§ **WORK ORDER**:
Leave the pictures out and repeat the rest of the data below exactly.

[Stored data]
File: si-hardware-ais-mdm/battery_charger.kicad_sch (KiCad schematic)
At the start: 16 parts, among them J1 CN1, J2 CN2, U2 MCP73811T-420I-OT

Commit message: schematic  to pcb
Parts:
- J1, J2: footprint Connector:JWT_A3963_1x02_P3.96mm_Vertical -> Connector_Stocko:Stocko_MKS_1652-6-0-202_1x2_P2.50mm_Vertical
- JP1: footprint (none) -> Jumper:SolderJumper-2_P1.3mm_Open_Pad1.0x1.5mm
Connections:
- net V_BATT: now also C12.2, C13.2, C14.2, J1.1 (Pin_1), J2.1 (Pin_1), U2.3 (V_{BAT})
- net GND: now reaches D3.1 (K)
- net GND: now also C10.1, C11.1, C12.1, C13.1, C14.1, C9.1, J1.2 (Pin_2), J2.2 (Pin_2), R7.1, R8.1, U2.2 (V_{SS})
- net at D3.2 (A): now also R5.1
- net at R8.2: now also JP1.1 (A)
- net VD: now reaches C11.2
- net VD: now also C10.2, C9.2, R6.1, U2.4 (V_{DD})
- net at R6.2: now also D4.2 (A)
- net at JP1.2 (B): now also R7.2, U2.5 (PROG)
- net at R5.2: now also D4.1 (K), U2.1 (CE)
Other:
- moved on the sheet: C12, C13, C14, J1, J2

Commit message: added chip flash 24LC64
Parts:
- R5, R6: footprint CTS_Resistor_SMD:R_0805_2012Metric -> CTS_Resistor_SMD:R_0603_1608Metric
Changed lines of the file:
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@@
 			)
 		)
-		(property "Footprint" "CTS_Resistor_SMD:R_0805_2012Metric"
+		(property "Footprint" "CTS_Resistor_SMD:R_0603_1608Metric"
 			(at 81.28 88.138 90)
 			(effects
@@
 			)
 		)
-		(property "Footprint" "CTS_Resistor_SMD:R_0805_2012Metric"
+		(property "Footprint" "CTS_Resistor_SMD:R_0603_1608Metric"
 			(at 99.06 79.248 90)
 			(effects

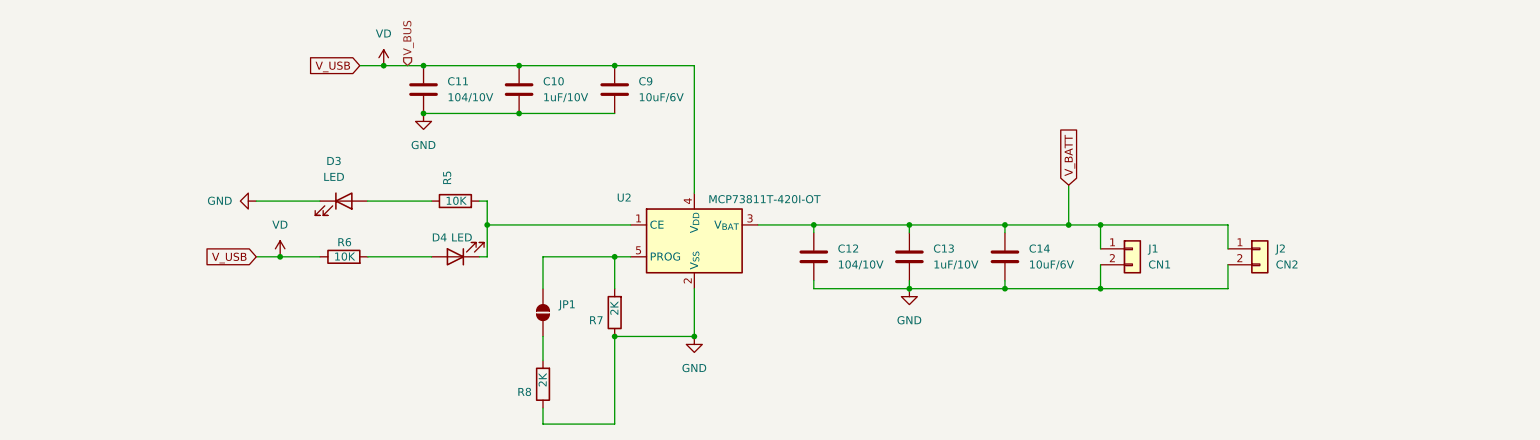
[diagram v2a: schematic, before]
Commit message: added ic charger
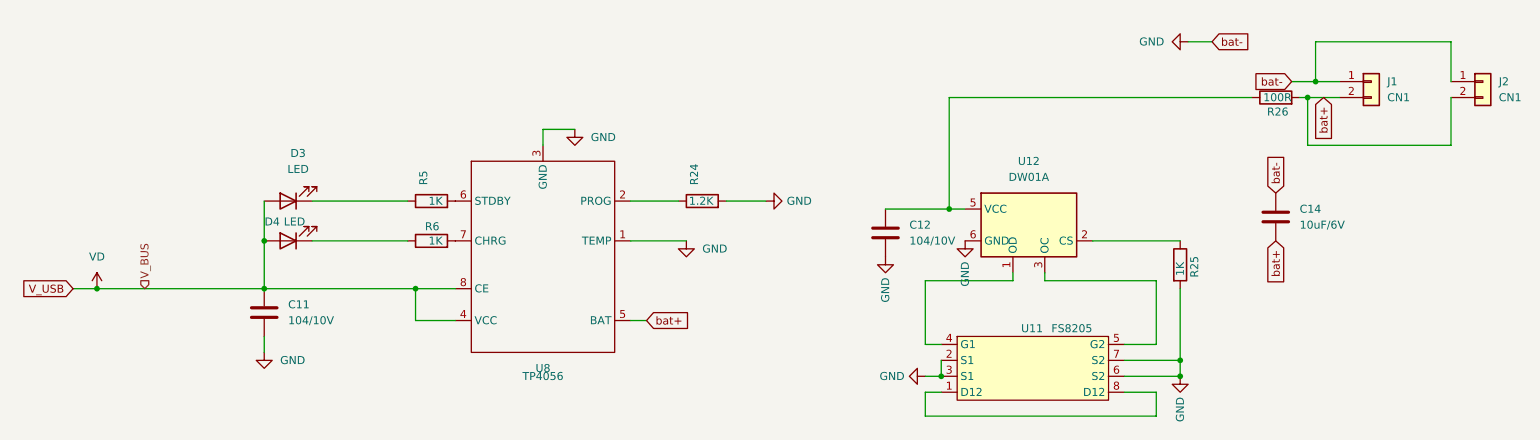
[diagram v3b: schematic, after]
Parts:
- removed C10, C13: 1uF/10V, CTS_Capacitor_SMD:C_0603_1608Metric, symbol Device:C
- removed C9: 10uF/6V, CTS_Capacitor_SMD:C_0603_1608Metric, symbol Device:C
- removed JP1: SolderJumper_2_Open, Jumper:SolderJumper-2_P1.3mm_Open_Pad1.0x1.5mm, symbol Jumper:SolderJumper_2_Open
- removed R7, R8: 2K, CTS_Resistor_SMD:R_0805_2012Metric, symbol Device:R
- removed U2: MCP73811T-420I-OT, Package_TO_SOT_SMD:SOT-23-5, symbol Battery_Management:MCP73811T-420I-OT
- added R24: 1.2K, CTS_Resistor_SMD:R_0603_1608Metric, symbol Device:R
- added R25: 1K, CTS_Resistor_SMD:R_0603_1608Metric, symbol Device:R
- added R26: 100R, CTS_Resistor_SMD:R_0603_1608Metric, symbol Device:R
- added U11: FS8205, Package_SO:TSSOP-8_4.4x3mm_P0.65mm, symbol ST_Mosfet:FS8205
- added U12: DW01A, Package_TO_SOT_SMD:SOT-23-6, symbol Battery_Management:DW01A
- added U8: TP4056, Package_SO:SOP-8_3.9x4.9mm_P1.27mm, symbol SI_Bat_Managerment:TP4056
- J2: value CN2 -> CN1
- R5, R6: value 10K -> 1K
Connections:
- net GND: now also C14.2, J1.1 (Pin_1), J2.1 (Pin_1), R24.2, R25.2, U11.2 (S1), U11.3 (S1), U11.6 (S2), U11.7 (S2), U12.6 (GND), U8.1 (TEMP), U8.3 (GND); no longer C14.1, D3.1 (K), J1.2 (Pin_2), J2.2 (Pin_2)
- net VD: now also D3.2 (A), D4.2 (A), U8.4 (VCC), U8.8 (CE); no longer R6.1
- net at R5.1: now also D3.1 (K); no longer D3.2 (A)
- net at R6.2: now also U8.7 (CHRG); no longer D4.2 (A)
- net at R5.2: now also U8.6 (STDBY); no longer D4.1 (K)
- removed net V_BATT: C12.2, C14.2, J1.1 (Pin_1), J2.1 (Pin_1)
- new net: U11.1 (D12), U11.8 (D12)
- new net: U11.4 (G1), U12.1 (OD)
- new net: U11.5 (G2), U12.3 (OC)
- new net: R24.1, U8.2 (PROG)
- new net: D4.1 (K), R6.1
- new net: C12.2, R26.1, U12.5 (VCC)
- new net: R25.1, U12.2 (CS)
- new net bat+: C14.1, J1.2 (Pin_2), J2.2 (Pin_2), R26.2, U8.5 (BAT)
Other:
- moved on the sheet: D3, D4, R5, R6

§ **RESULT FOR THIS EXERCISE**:
File: si-hardware-ais-mdm/battery_charger.kicad_sch (KiCad schematic)
At the start: 16 parts, among them J1 CN1, J2 CN2, U2 MCP73811T-420I-OT

Commit message: schematic  to pcb
Parts:
- J1, J2: footprint Connector:JWT_A3963_1x02_P3.96mm_Vertical -> Connector_Stocko:Stocko_MKS_1652-6-0-202_1x2_P2.50mm_Vertical
- JP1: footprint (none) -> Jumper:SolderJumper-2_P1.3mm_Open_Pad1.0x1.5mm
Connections:
- net V_BATT: now also C12.2, C13.2, C14.2, J1.1 (Pin_1), J2.1 (Pin_1), U2.3 (V_{BAT})
- net GND: now reaches D3.1 (K)
- net GND: now also C10.1, C11.1, C12.1, C13.1, C14.1, C9.1, J1.2 (Pin_2), J2.2 (Pin_2), R7.1, R8.1, U2.2 (V_{SS})
- net at D3.2 (A): now also R5.1
- net at R8.2: now also JP1.1 (A)
- net VD: now reaches C11.2
- net VD: now also C10.2, C9.2, R6.1, U2.4 (V_{DD})
- net at R6.2: now also D4.2 (A)
- net at JP1.2 (B): now also R7.2, U2.5 (PROG)
- net at R5.2: now also D4.1 (K), U2.1 (CE)
Other:
- moved on the sheet: C12, C13, C14, J1, J2

Commit message: added chip flash 24LC64
Parts:
- R5, R6: footprint CTS_Resistor_SMD:R_0805_2012Metric -> CTS_Resistor_SMD:R_0603_1608Metric
Changed lines of the file:
@@
 			)
 		)
-		(property "Footprint" "CTS_Resistor_SMD:R_0805_2012Metric"
+		(property "Footprint" "CTS_Resistor_SMD:R_0603_1608Metric"
 			(at 81.28 88.138 90)
 			(effects
@@
 			)
 		)
-		(property "Footprint" "CTS_Resistor_SMD:R_0805_2012Metric"
+		(property "Footprint" "CTS_Resistor_SMD:R_0603_1608Metric"
 			(at 99.06 79.248 90)
 			(effects

[diagram v2a: schematic, before]
Commit message: added ic charger
[diagram v3b: schematic, after]
Parts:
- removed C10, C13: 1uF/10V, CTS_Capacitor_SMD:C_0603_1608Metric, symbol Device:C
- removed C9: 10uF/6V, CTS_Capacitor_SMD:C_0603_1608Metric, symbol Device:C
- removed JP1: SolderJumper_2_Open, Jumper:SolderJumper-2_P1.3mm_Open_Pad1.0x1.5mm, symbol Jumper:SolderJumper_2_Open
- removed R7, R8: 2K, CTS_Resistor_SMD:R_0805_2012Metric, symbol Device:R
- removed U2: MCP73811T-420I-OT, Package_TO_SOT_SMD:SOT-23-5, symbol Battery_Management:MCP73811T-420I-OT
- added R24: 1.2K, CTS_Resistor_SMD:R_0603_1608Metric, symbol Device:R
- added R25: 1K, CTS_Resistor_SMD:R_0603_1608Metric, symbol Device:R
- added R26: 100R, CTS_Resistor_SMD:R_0603_1608Metric, symbol Device:R
- added U11: FS8205, Package_SO:TSSOP-8_4.4x3mm_P0.65mm, symbol ST_Mosfet:FS8205
- added U12: DW01A, Package_TO_SOT_SMD:SOT-23-6, symbol Battery_Management:DW01A
- added U8: TP4056, Package_SO:SOP-8_3.9x4.9mm_P1.27mm, symbol SI_Bat_Managerment:TP4056
- J2: value CN2 -> CN1
- R5, R6: value 10K -> 1K
Connections:
- net GND: now also C14.2, J1.1 (Pin_1), J2.1 (Pin_1), R24.2, R25.2, U11.2 (S1), U11.3 (S1), U11.6 (S2), U11.7 (S2), U12.6 (GND), U8.1 (TEMP), U8.3 (GND); no longer C14.1, D3.1 (K), J1.2 (Pin_2), J2.2 (Pin_2)
- net VD: now also D3.2 (A), D4.2 (A), U8.4 (VCC), U8.8 (CE); no longer R6.1
- net at R5.1: now also D3.1 (K); no longer D3.2 (A)
- net at R6.2: now also U8.7 (CHRG); no longer D4.2 (A)
- net at R5.2: now also U8.6 (STDBY); no longer D4.1 (K)
- removed net V_BATT: C12.2, C14.2, J1.1 (Pin_1), J2.1 (Pin_1)
- new net: U11.1 (D12), U11.8 (D12)
- new net: U11.4 (G1), U12.1 (OD)
- new net: U11.5 (G2), U12.3 (OC)
- new net: R24.1, U8.2 (PROG)
- new net: D4.1 (K), R6.1
- new net: C12.2, R26.1, U12.5 (VCC)
- new net: R25.1, U12.2 (CS)
- new net bat+: C14.1, J1.2 (Pin_2), J2.2 (Pin_2), R26.2, U8.5 (BAT)
Other:
- moved on the sheet: D3, D4, R5, R6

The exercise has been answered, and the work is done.